→ Instructions for the task
Find and copy each line in the material below where the string "with" occurs.

→ Data section
------------------------------------------------
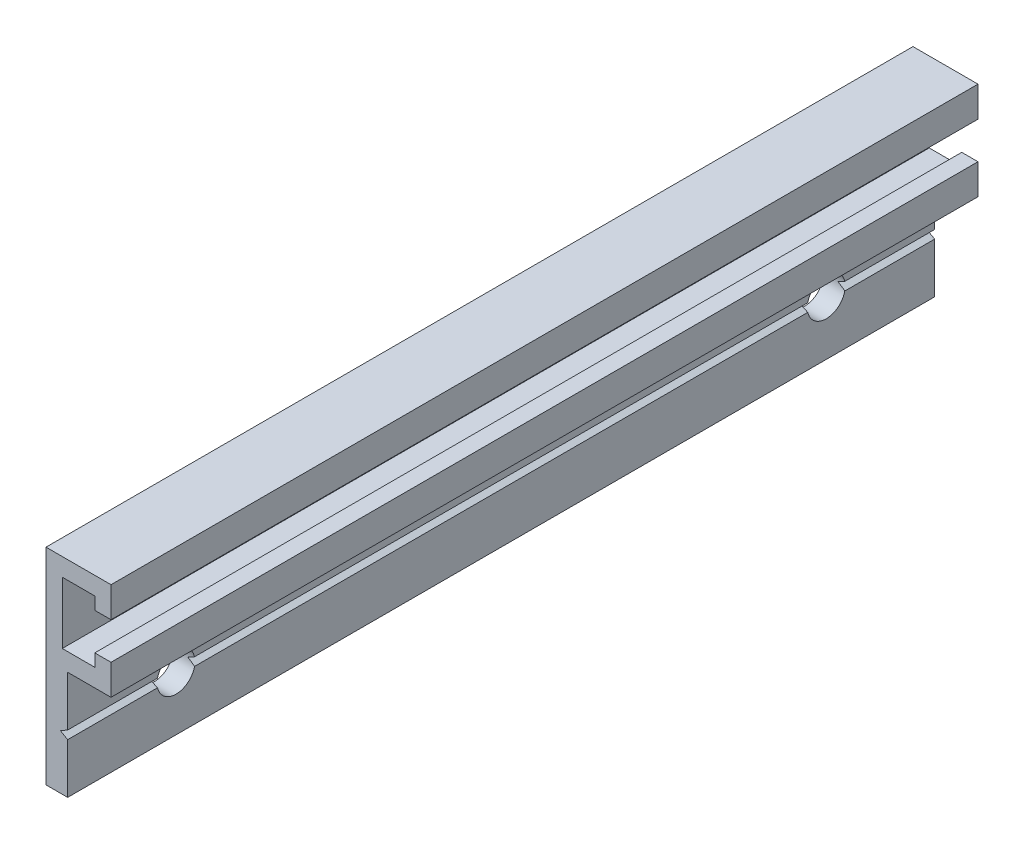
from build123d import *

# Parameters (mm, degrees)
BOSS_EXTRUDE1_DEPTH        = 80
F_3_5_3_5_DIAMETER_HOLE1_D = 3.5


with BuildPart() as part:
    # Sketch1 → Boss-Extrude1 (new body)
    with BuildSketch(Plane.XY):
        Polygon((6, -2.8), (6, 0), (0, 0), (0, -19), (2, -19), (2, -14.384515279), (1.334, -14), (2, -13.615484721), (2, -9), (6, -9), (6, -6.2), (4.5, -6.2), (4.5, -7.35), (1.5, -7.35), (1.5, -1.65), (4.5, -1.65), (4.5, -2.8), align=None)
    extrude(amount=-BOSS_EXTRUDE1_DEPTH)

    # Ø3.5 (3.5) Diameter Hole1 (through all)
    with Locations(Plane.ZY):
        with Locations((-10, -14), (-70, -14)):
            Hole(F_3_5_3_5_DIAMETER_HOLE1_D / 2)


solid = part.part
------------------------------------------------
→ Answer to this task
with BuildPart() as part:
    with BuildSketch(Plane.XY):
    with Locations(Plane.ZY):
        with Locations((-10, -14), (-70, -14)):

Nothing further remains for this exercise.